Table 10 Time of detection of various techniques
Table 11 Accuracy of various techniques

6 Conclusion

As the power system continues to be subjected to exorbitant situations, the power industries have become increasingly interested in strengthening the resilience of the grid, specifically though islanding of MG. Nevertheless, the islanding under such scenarios happens inadvertently, devoid of the MG operators’ previous knowledge. Therefore, this paper presents a novel and improved approach to islanding detection by implementing µ-PMU. µ-PMU based Fortescue transform with random forest algorithm is introduced for the purpose of evaluating the phase angle of sequence components. For detecting island cases, the angular sum of phase angles of a zero and negative sequence of voltage signals is utilised. The algorithm is devoid of NDZs. In order to ensure its robustness and accuracy, the proposed method undergoes simulations under a variety of conditions, including normal conditions, islanding conditions, and faults like: L-L, L-G, L-L-L, L-L-G. Furthermore, the programmed algorithm incorporates intelligent islanding to safeguard against the destruction of the critical load. Thus, the study’s results guarantee that the proposed method for islanding detection is not only quicker, but also simpler, more cost-effective, secure, accurate, and intelligent.

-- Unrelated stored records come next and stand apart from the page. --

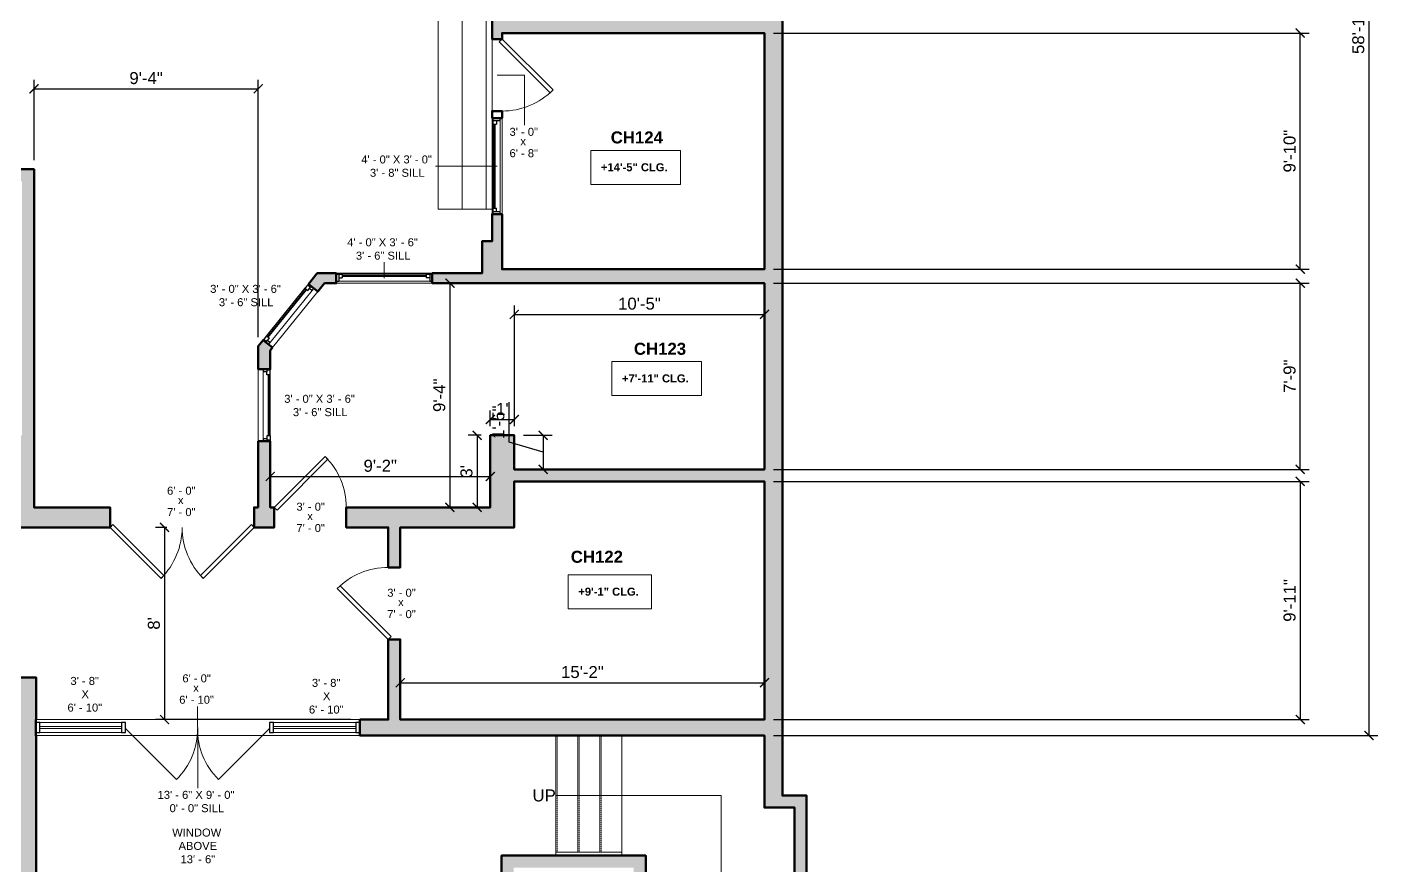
# Model space of a CAD drawing. Header units: inches. Extents: x -2078 to 106214, y -964 to 6385.
# Drawn here: x 23042 to 23717, y 3802 to 4221 of the extents above; entities that cross this region are included whole.
import ezdxf

# ---------------------------------------------------------------- set-up
doc = ezdxf.new("R2010")
doc.units = ezdxf.units.IN
doc.header["$MEASUREMENT"] = 0
doc.linetypes.add('Overhead 1_16_', pattern=[0.101562, 0.0625, -0.039062])
for name, color, linetype, lineweight in [('A-ANNO', 2, 'Continuous', 5), ('A-ANNO-DIMS', 1, 'Continuous', 9), ('A-DOOR', 1, 'Continuous', 18), ('A-GLAZ', 2, 'Continuous', 30), ('A-GLAZ-CURT', 52, 'Continuous', 9), ('A-GLAZ-CWMG', 51, 'Continuous', 9), ('A-RAILING', 4, 'Continuous', 9), ('A-STRS', 4, 'Continuous', 9), ('A-WALL', 3, 'Continuous', 40), ('A-WINDOWS', 2, 'Continuous', 18)]:
    doc.layers.add(name, color=color, linetype=linetype, lineweight=lineweight)
doc.layers.add('A-HATCH', color=9, linetype='Continuous')
doc.styles.add('Arial', font='arial.ttf')
doc.styles.add('Arial_1', font='arial.ttf', dxfattribs={"height": 0.0625})
doc.styles.add('Arial_2', font='arial.ttf', dxfattribs={"height": 3})
doc.styles.add('Arial_B', font='arialbd.ttf', dxfattribs={"height": 4.5})
doc.styles.add('Arial_B_1', font='arialbd.ttf', dxfattribs={"height": 3})
doc.styles.add('JC', font='arial.ttf', dxfattribs={"height": 0.125})
doc.dimstyles.new('JC-DIMS', dxfattribs={"dimtxt": 0.125, "dimasz": 0.09375, "dimexe": 0.09375, "dimexo": 0.09375, "dimgap": 0.046875, "dimtad": 1, "dimdec": 1, "dimzin": 0, "dimdsep": 46, "dimlunit": 4, "dimtxsty": 'JC', "dimblk": 'ARCHTICK', "dimcen": 0.09, "dimclrd": 1, "dimclre": 1, "dimclrt": 256, "dimadec": 0, "dimazin": 0, "dimtfac": 1, "dimtdec": 1, "dimtofl": 0, "dimtmove": 1, "dimatfit": 3, "dimfxl": 1, "dimtolj": 1, "dimtzin": 0, "dimarcsym": 0})

# ---------------------------------------------------------------- blocks, each defined once
blk = doc.blocks.new('JC_DOOR_SINGLE PANEL - SINGLE DOOR-1525208-2nd Floor Plan')
at = {"layer": 'A-DOOR', "lineweight": 30}
for p, q in [((-8.87, -27.04), (16.59, -1.59)), ((18, -3), (-7.46, -28.46)), ((16.59, -1.59), (18, -3)), ((-7.46, -28.46), (-8.87, -27.04))]:
    blk.add_line(p, q, dxfattribs=at)
at = {"layer": 'A-DOOR', "lineweight": 9}
blk.add_arc((18, -3), 36, 180, 225, dxfattribs=at)
blk = doc.blocks.new('JC_DOOR_SINGLE PANEL - SINGLE DOOR-1525205-2nd Floor Plan')
at = {"layer": 'A-DOOR', "lineweight": 30}
for p, q in [((-8.87, -29.04), (16.59, -3.59)), ((18, -5), (-7.46, -30.46)), ((16.59, -3.59), (18, -5)), ((-7.46, -30.46), (-8.87, -29.04))]:
    blk.add_line(p, q, dxfattribs=at)
at = {"layer": 'A-DOOR', "lineweight": 9}
blk.add_arc((18, -5), 36, 180, 225, dxfattribs=at)
blk = doc.blocks.new('JC_DOUBLE DOOR - DOUBLE DOOR-1564951-2nd Floor Plan')
at = {"layer": 'A-DOOR', "lineweight": 30}
for p, q in [((-34.59, -3.59), (-36, -5)), ((-36, -5), (-10.54, -30.46)), ((-9.13, -29.04), (-34.59, -3.59)), ((9.13, -29.04), (34.59, -3.59)), ((36, -5), (10.54, -30.46)), ((34.59, -3.59), (36, -5)), ((-10.54, -30.46), (-9.13, -29.04)), ((10.54, -30.46), (9.13, -29.04))]:
    blk.add_line(p, q, dxfattribs=at)
at = {"layer": 'A-DOOR', "lineweight": 9}
for centre, start, end in [((-36, -5), 315, 360), ((36, -5), 180, 225)]:
    blk.add_arc(centre, 36, start, end, dxfattribs=at)
blk = doc.blocks.new('JC_FIXED WINDOW - MUNTIN - FIXED WINDOW-1565046-2nd Floor Plan')
at = {"layer": 'A-GLAZ'}
for p, q in [((-18, 3), (-18, -3)), ((-15.25, 3), (-18, 3)), ((-17.5, 3), (-17.5, 1.25)), ((-17.5, 1.25), (-16.75, 1.25)), ((-15.25, 1.25), (-16.75, 1.25)), ((-16.75, 1.25), (-16.75, -0.5)), ((-15.25, 3), (-15.25, 1.25)), ((15.25, 3), (18, 3)), ((15.25, 3), (15.25, 1.25)), ((15.25, 1.25), (17.5, 1.25)), ((16.75, 1.25), (16.75, -0.5)), ((17.5, 3), (17.5, 1.25)), ((18, 3), (18, -3)), ((-18, -0.5), (-16.75, -0.5)), ((16.75, -0.5), (18, -0.5))]:
    blk.add_line(p, q, dxfattribs=at)
at = {"layer": 'A-GLAZ', "lineweight": 9}
for p, q in [((15.25, 3), (-15.25, 3)), ((16.75, -0.5), (-16.75, -0.5))]:
    blk.add_line(p, q, dxfattribs=at)
at = {"layer": 'A-GLAZ', "lineweight": 40}
blk.add_line((-15.25, 2.125), (15.25, 2.125), dxfattribs=at)
at = {"layer": 'A-WINDOWS'}
for p, q in [((18, 3), (-18, 3)), ((-18, -3), (18, -3))]:
    blk.add_line(p, q, dxfattribs=at)
blk = doc.blocks.new('JC_WINDOW HUNG - HUNG WINDOW-1565065-2nd Floor Plan')
at = {"layer": 'A-GLAZ'}
for p, q in [((-24, 2.5), (-24, -2.5)), ((-24, 2), (-21, 2)), ((-22.75, 2), (-22.75, -1.5)), ((-22.75, 0.25), (-21, 0.25)), ((-21, 2), (-21, 0.25)), ((21, 2), (24, 2)), ((21, 2), (21, 0.25)), ((22.75, 0.25), (21, 0.25)), ((22.75, 2), (22.75, -1.5)), ((24, -2.5), (24, 2.5)), ((-24, -1.5), (-22.75, -1.5)), ((22.75, -1.5), (24, -1.5))]:
    blk.add_line(p, q, dxfattribs=at)
at = {"layer": 'A-GLAZ', "lineweight": 9}
for p, q in [((-21, 2), (21, 2)), ((-22.75, -1.5), (22.75, -1.5))]:
    blk.add_line(p, q, dxfattribs=at)
at = {"layer": 'A-GLAZ', "lineweight": 40}
blk.add_line((-21, 1.125), (21, 1.125), dxfattribs=at)
at = {"layer": 'A-WINDOWS'}
for p, q in [((24, 2.5), (-24, 2.5)), ((-24, -2.5), (24, -2.5))]:
    blk.add_line(p, q, dxfattribs=at)
blk = doc.blocks.new('JC_DOOR_SINGLE PANEL - SINGLE DOOR-1565138-2nd Floor Plan')
at = {"layer": 'A-DOOR', "lineweight": 30}
for p, q in [((-8.87, -26.54), (16.59, -1.09)), ((18, -2.5), (-7.46, -27.96)), ((16.59, -1.09), (18, -2.5)), ((-7.46, -27.96), (-8.87, -26.54))]:
    blk.add_line(p, q, dxfattribs=at)
at = {"layer": 'A-DOOR', "lineweight": 9}
blk.add_arc((18, -2.5), 36, 180, 225, dxfattribs=at)
blk = doc.blocks.new('JC_WINDOW HUNG - HUNG WINDOW-1565139-2nd Floor Plan')
at = {"layer": 'A-GLAZ'}
for p, q in [((-24, 2.5), (-24, -2.5)), ((-24, 2), (-21, 2)), ((-22.75, 2), (-22.75, -1.5)), ((-22.75, 0.25), (-21, 0.25)), ((-21, 2), (-21, 0.25)), ((21, 2), (24, 2)), ((21, 2), (21, 0.25)), ((22.75, 0.25), (21, 0.25)), ((22.75, 2), (22.75, -1.5)), ((24, -2.5), (24, 2.5)), ((-24, -1.5), (-22.75, -1.5)), ((22.75, -1.5), (24, -1.5))]:
    blk.add_line(p, q, dxfattribs=at)
at = {"layer": 'A-GLAZ', "lineweight": 9}
for p, q in [((-21, 2), (21, 2)), ((-22.75, -1.5), (22.75, -1.5))]:
    blk.add_line(p, q, dxfattribs=at)
at = {"layer": 'A-GLAZ', "lineweight": 40}
blk.add_line((-21, 1.125), (21, 1.125), dxfattribs=at)
at = {"layer": 'A-WINDOWS'}
for p, q in [((24, 2.5), (-24, 2.5)), ((-24, -2.5), (24, -2.5))]:
    blk.add_line(p, q, dxfattribs=at)
blk = doc.blocks.new('Door-Curtain-Wall-Double-Storefront - Door-Curtain-Wall-Double-Storefront-1719225-2nd Floor Plan')
at = {"layer": 'A-DOOR', "lineweight": 9}
for p, q in [((-36, -0.5), (-10.48, -26.02)), ((36, -0.5), (10.54, -25.96))]:
    blk.add_line(p, q, dxfattribs=at)
for centre, radius, start, end in [((-36, -0.5), 36.09, 315, 0), ((36, -0.5), 36, 180, 225)]:
    blk.add_arc(centre, radius, start, end, dxfattribs=at)
blk = doc.blocks.new('Instance - Opening - 16_ x 24_-1719124-2nd Floor Plan')
at = {"layer": 'A-WINDOWS'}
for p, q in [((-81, -4), (-81, 4)), ((-81, 4), (81, 4)), ((81, 4), (81, -4)), ((81, -4), (-81, -4))]:
    blk.add_line(p, q, dxfattribs=at)
blk = doc.blocks.new('System Panel - Glazed-1719228-2nd Floor Plan')
at = {"layer": 'A-GLAZ-CURT', "lineweight": 18}
for p, q in [((20.59, 0.5), (-20.59, 0.5)), ((-20.59, 0.5), (-20.59, -0.5)), ((20.59, -0.5), (20.59, 0.5)), ((-20.59, -0.5), (20.59, -0.5))]:
    blk.add_line(p, q, dxfattribs=at)
blk = doc.blocks.new('Rectangular Mullion - 2_5_ x 5_ rectangular-1573145-2nd Floor Plan')
at = {"layer": 'A-GLAZ-CWMG'}
for p, q in [((653.12, -233.39), (694.12, -233.39)), ((694.12, -238.39), (653.12, -238.39))]:
    blk.add_line(p, q, dxfattribs=at)
blk = doc.blocks.new('Rectangular Mullion - 2_5_ x 5_ rectangular-1719223-2nd Floor Plan')
at = {"layer": 'A-GLAZ-CWMG'}
for p, q in [((770.12, -233.39), (811.3, -233.39)), ((811.3, -238.39), (770.12, -238.39))]:
    blk.add_line(p, q, dxfattribs=at)
blk = doc.blocks.new('Rectangular Mullion - 2_5_ x 5_ rectangular-1664068-2nd Floor Plan')
at = {"layer": 'A-GLAZ-CWMG', "lineweight": 30}
for p, q in [((-2, 2.5), (0, 2.5)), ((-2, -2.5), (-2, 2.5)), ((0, 2.5), (0, -2.5)), ((0, -2.5), (-2, -2.5))]:
    blk.add_line(p, q, dxfattribs=at)
blk = doc.blocks.new('Rectangular Mullion - 2_5_ x 5_ rectangular-1664070-2nd Floor Plan')
at = {"layer": 'A-GLAZ-CWMG', "lineweight": 30}
for p, q in [((0, 2.5), (-2, 2.5)), ((-2, 2.5), (-2, -2.5)), ((0, -2.5), (0, 2.5)), ((-2, -2.5), (0, -2.5))]:
    blk.add_line(p, q, dxfattribs=at)
blk = doc.blocks.new('Rectangular Mullion - 2_5_ x 5_ rectangular-1664059-2nd Floor Plan')
at = {"layer": 'A-GLAZ-CWMG', "lineweight": 30}
for p, q in [((-1, 2.5), (1, 2.5)), ((-1, -2.5), (-1, 2.5)), ((1, 2.5), (1, -2.5)), ((1, -2.5), (-1, -2.5))]:
    blk.add_line(p, q, dxfattribs=at)
blk = doc.blocks.new('Top Rail Type - Top Rail_Internal_-1594075-2nd Floor Plan')
at = {"layer": 'A-RAILING'}
for p, q in [((935.21, -298.08), (911.15, -298.08)), ((911.15, -299.58), (935.21, -299.58)), ((933.89, -298.76), (933.89, -298.91))]:
    blk.add_line(p, q, dxfattribs=at)
at = {"layer": 'A-RAILING', "flags": 128}
blk.add_lwpolyline([(911.15, -298.91), (911.15, -298.83), (911.15, -298.76)], dxfattribs=at)
blk = doc.blocks.new('Top Rail Type - Top Rail_Internal_-V8-2nd Floor Plan')
at = {"layer": 'A-RAILING'}
for p, q in [((911.15, -298.08), (911.15, -299.58)), ((911.15, -298.08), (944.15, -298.08)), ((911.15, -299.58), (944.15, -299.58)), ((944.15, -298.08), (944.15, -299.58))]:
    blk.add_line(p, q, dxfattribs=at)
blk = doc.blocks.new('Stairs 5 - Stairs 5-1667796-2nd Floor Plan')
at = {"layer": 'A-STRS'}
for p, q in [((864.37, 338.11), (852.37, 338.11)), ((852.37, 338.11), (852.37, 23.11)), ((875.37, 338.11), (864.37, 338.11)), ((864.37, 338.11), (864.37, 23.11)), ((876.37, 323.11), (876.37, 23.11)), ((879.37, 234.61), (879.37, 270.61)), ((879.37, 182.11), (879.37, 218.11)), ((879.37, 72.11), (879.37, 108.11)), ((852.37, 23.11), (864.37, 23.11)), ((864.37, 23.11), (876.37, 23.11)), ((876.37, 23.11), (879.37, 23.11))]:
    blk.add_line(p, q, dxfattribs=at)
blk = doc.blocks.new('_ArchTick')
at = {"color": 0, "linetype": 'ByBlock', "const_width": 0.15}
blk.add_lwpolyline([(-0.5, -0.5), (0.5, 0.5)], dxfattribs=at)
blk = doc.blocks.new('*D997')
at = {"layer": 'A-ANNO-DIMS', "color": 1, "lineweight": -2, "transparency": 16777216}
for p, q in [((23112.25, 3970.74), (23106.6, 3970.74)), ((23111.1, 3970.74), (23111.1, 3874.74)), ((23204.2, 3874.74), (23106.6, 3874.74))]:
    blk.add_line(p, q, dxfattribs=at)
at = {"layer": 'Defpoints', "color": 0, "transparency": 16777216}
for p in [(23116.75, 3970.74), (23111.1, 3874.74), (23208.7, 3874.74)]:
    blk.add_point(p, dxfattribs=at)
at = {"layer": 'A-ANNO-DIMS', "color": 1, "lineweight": -2, "transparency": 16777216, "xscale": 4.5, "yscale": 4.5, "zscale": 4.5}
for p, rotation in [((23111.1, 3970.74), 90), ((23111.1, 3874.74), 270)]:
    blk.add_blockref('_ArchTick', p, dxfattribs=dict(at, rotation=rotation))
at = {"layer": 'A-ANNO-DIMS', "transparency": 16777216, "insert": (23105.78, 3922.74), "char_height": 6, "width": 0.4008, "attachment_point": 5, "rotation": 90, "style": 'JC'}
blk.add_mtext("\\A1;8'", dxfattribs=at)
blk = doc.blocks.new('*D999')
at = {"layer": 'A-ANNO-DIMS', "color": 1, "lineweight": -2, "transparency": 16777216}
for p, q in [((23415.38, 3993.74), (23683.09, 3993.74)), ((23678.59, 3993.74), (23678.59, 3874.74)), ((23415.38, 3874.74), (23683.09, 3874.74))]:
    blk.add_line(p, q, dxfattribs=at)
at = {"layer": 'Defpoints', "color": 0, "transparency": 16777216}
for p in [(23410.88, 3993.74), (23410.88, 3874.74), (23678.59, 3874.74)]:
    blk.add_point(p, dxfattribs=at)
at = {"layer": 'A-ANNO-DIMS', "color": 1, "lineweight": -2, "transparency": 16777216, "xscale": 4.5, "yscale": 4.5, "zscale": 4.5}
for p, rotation in [((23678.59, 3993.74), 90), ((23678.59, 3874.74), 270)]:
    blk.add_blockref('_ArchTick', p, dxfattribs=dict(at, rotation=rotation))
at = {"layer": 'A-ANNO-DIMS', "transparency": 16777216, "insert": (23673.28, 3934.24), "char_height": 6, "width": 0.4874, "attachment_point": 5, "rotation": 90, "style": 'JC'}
blk.add_mtext('\\A1;9\'-11"', dxfattribs=at)
blk = doc.blocks.new('*D1001')
at = {"layer": 'A-ANNO-DIMS', "color": 1, "lineweight": -2, "transparency": 16777216}
for p, q in [((23228.88, 3894.28), (23228.88, 3888.62)), ((23228.88, 3893.12), (23410.88, 3893.12)), ((23410.88, 3894.28), (23410.88, 3888.62))]:
    blk.add_line(p, q, dxfattribs=at)
at = {"layer": 'Defpoints', "color": 0, "transparency": 16777216}
for p in [(23228.88, 3898.78), (23410.88, 3898.78), (23410.88, 3893.12)]:
    blk.add_point(p, dxfattribs=at)
at = {"layer": 'A-ANNO-DIMS', "color": 1, "lineweight": -2, "transparency": 16777216, "xscale": 4.5, "yscale": 4.5, "zscale": 4.5, "rotation": 180}
blk.add_blockref('_ArchTick', (23228.88, 3893.12), dxfattribs=at)
at = {"layer": 'A-ANNO-DIMS', "color": 1, "lineweight": -2, "transparency": 16777216, "xscale": 4.5, "yscale": 4.5, "zscale": 4.5}
blk.add_blockref('_ArchTick', (23410.88, 3893.12), dxfattribs=at)
at = {"layer": 'A-ANNO-DIMS', "transparency": 16777216, "insert": (23319.88, 3898.43), "char_height": 6, "width": 0.4874, "attachment_point": 5, "style": 'JC'}
blk.add_mtext('\\A1;15\'-2"', dxfattribs=at)
blk = doc.blocks.new('*D1003')
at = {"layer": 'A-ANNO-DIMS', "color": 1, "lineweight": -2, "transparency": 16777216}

Consideration may be given to a variety of prospects for future employment. Further application of the current work is possible in grids with a high proportion of electric vehicles, taking into account the rapid charging methods of electric vehicles that may introduce grid transients comparable to those caused by island detection signals. SNR limitations notwithstanding, contemporary advanced techniques including reinforcement learning, extreme learning, and spatiotemporal pattern recognition can be integrated to rectify the present method’s deficiencies. Additionally, these approaches would be advantageous in light of the growing complexity of power grids and the magnitude of cyber threats. Additionally, future research may consider the implementation of secure methods to regulate power flow in the islanded area through the division of it into smaller islands, known as “islands of islands.”